Берем выборку заемов, для начального тестирования работоспособности

In [14]:
train_pos = train_pos.sample(n=1000, random_state=123, replace=False)
train_neg = train_neg.sample(n=1000, random_state=123, replace=False)
train_pos.shape, train_neg.shape

((1000, 10), (1000, 10))

**get_similarity_sample_repr and is_included_in_repr работают вроде правильно**

По крайней мере на тестовых объектах показали правильные результаты

In [15]:
def get_similarity_sample_repr(sample: pd.DataFrame):
    
    """
    get sample of feature represantations from pos or neg class dataset
    returns feature represantation for sample by similarity operation
    """
    pattern = None
    for i, obj in sample.iterrows():
        if pattern is None:
            pattern = obj
        else:
            pattern = similarity(pattern, obj)
    return pattern
    
#операция нахождения объектов по признаковому представлению
def is_included_in_repr(d, train_data):
    """
    returns objects from train dataset(from train pos and neg data) that is included in d representation
    """
    
    d_list = []
    
    for i, obj in train_data.iterrows():
        feature_repr = similarity(obj, d)
        is_included = d.equals(feature_repr)
        if is_included:
            d_list.append(obj)
            
    return d_list

Что нужно посмотреть:

    1. Сравнение количества генерируемых гипотез в зависимости от критерия и области генерации выборки.
    (Возможно изобразить всего 4 варианта: старый подход - локальная или случайная выборка, новый подход - 
    локальная или случайная выборка)
    
    2. Сравнение генерируемых гипотез для старого и нового критерия в зависимости от ширины локальной области генерации
    (Возможно есть какая то оптимальная ширина окна)
    

### Mining step


    для положительного класса нас интересуют объекты отрицательного класса, 
    а для отрицательного - положительные
    Уже после определения объектов из другого класса, попадающие в признаковое представление семпла данных, будет приниматься решение
     о включение этого признакого представление в список гипотез представления(областей или интервальных представлений)
    

To-do-list:

1. **Нужно также проанализировать время работы и качество** done!!!
2. **классификации при разном включении признаков из исходного множества**

To-do-list
1. Подумать о том, каким образом генерить гипотезы.

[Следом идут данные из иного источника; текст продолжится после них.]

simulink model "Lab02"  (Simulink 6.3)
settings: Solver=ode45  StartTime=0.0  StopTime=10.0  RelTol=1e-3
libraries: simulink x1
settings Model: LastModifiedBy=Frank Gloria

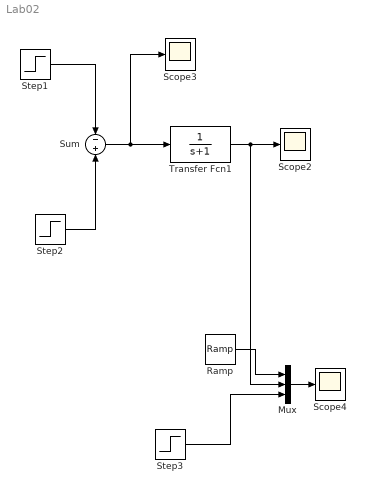
== system Lab02 ==
  Mux : Mux  Inputs=3
  Ramp : simulink/Sources/Ramp  slope=1  start=0  X0=0
  Scope2 : Scope
      settings: SaveName=ScopeData2
  Scope3 : Scope
      settings: SaveName=ScopeData3
  Scope4 : Scope
      settings: SaveName=ScopeData4
  Step1 : Step  Time=0.2  After=0  SampleTime=0
  Step2 : Step  Time=0  SampleTime=0
  Step3 : Step  Time=0  SampleTime=0
  Sum : Sum  Inputs=-+
  Transfer Fcn1 : TransferFcn  Numerator=1  Denominator=[1 1]
  wires:
  Step2/1 -> Sum/2
  Sum/1 -> Transfer Fcn1/1, Scope3/1
  Transfer Fcn1/1 -> Scope2/1, Mux/2
  Step1/1 -> Sum/1
  Ramp/1 -> Mux/1
  Step3/1 -> Mux/3
  Mux/1 -> Scope4/1

То есть выбирать не случайно выборку из множества объектов,
    а какую-то локальную область. (Делать будем через расширение области объекта; более того, будем искать 
    оптимальное значение расширения локальной области)

In [46]:
def generate_gypothesis(iteration: int,
                        obj: pd.Series, 
                        train_data: pd.DataFrame, 
                        other_data: pd.DataFrame, 
                        sample_size: int, 
                        hypothesis_criterion: str,
                        verbose: bool,
                        other_data_size: int, 
                        alpha: float):
        
        print(f'iteration: {iteration}')
        
        inds = np.random.RandomState().choice(train_data.index, replace=False, size=sample_size)
        sample = train_data.loc[inds, :].copy()
        sample = sample.append(obj)
        
        d = get_similarity_sample_repr(sample)
        if verbose:
            print('got feature represantation for sample')
        
        d_other_objects = is_included_in_repr(d, train_data=other_data)
        #print(f'got {len(d_other_objects)} d_other_objects')
        #print(f'thresh for hypothesis = {int(other_data_size * alpha)}')
        
#         if verbose:
#             print('got objects that is included in sample represantation')
            
        if d_other_objects is None:
            print('did not find any hypothesis on this iteration')
            return None
        
        ###проверка критерия
        if hypothesis_criterion == 'contr_class':
            if len(d_other_objects) <= int(other_data_size * alpha):
                return d
        elif hypothesis_criterion == 'both_classes':
            #дополнительно смотрим какие объекты target(рассматриваемого на этой итерации) класса попадают в паттерн d
            d_target_objects = is_included_in_repr(d, train_data=train_data)
            if len(d_other_objects) <= int(len(d_target_objects) * alpha):
                return d
        else:
            return None

def mining_step(test_obj: pd.Series, train_pos: pd.DataFrame, train_neg: pd.DataFrame,
                num_iters: int, sample_ratio: float, alpha: float, hypothesis_criterion: str, 
                mining_type: str = 'pos', verbose : bool = False, n_jobs : int = 4):
    """
    hypothesis_criterion: 'contr_class', если используем базовый критерий, 
                                когда смотрится пересечение с противоположным классом(старый критерий отбора гипотез)
                           'both_classes', когда интересует пересечение по обоим классам(новый критерий отбора гипотез)
                            
    
    returns list of hypothesises
    """
    
    train_data = train_pos if mining_type == 'pos' else train_neg
    other_data = train_neg if mining_type == 'pos' else train_pos
    other_data_size = train_neg.shape[0] if mining_type == 'pos' else train_pos.shape[0]
    
    sample_size = int(train_data.shape[0] * sample_ratio)
    print(f'using sample size = {sample_size}')
    print(f'other data size = {other_data_size}')
    print(f'other data rate size = {int(other_data_size * alpha)}')
    print('start generating hypothesises')
    
    mining = partial(generate_gypothesis, 
                     obj=test_obj, 
                     train_data=train_data, 
                     other_data=other_data, 
                     sample_size=sample_size, 
                     hypothesis_criterion=hypothesis_criterion,
                     verbose=verbose, 
                     other_data_size=other_data_size,
                     alpha=alpha
                    )
    
    with ProcessPoolExecutor(max_workers=n_jobs) as executor:
        hypothesises = executor.map(mining, range(num_iters))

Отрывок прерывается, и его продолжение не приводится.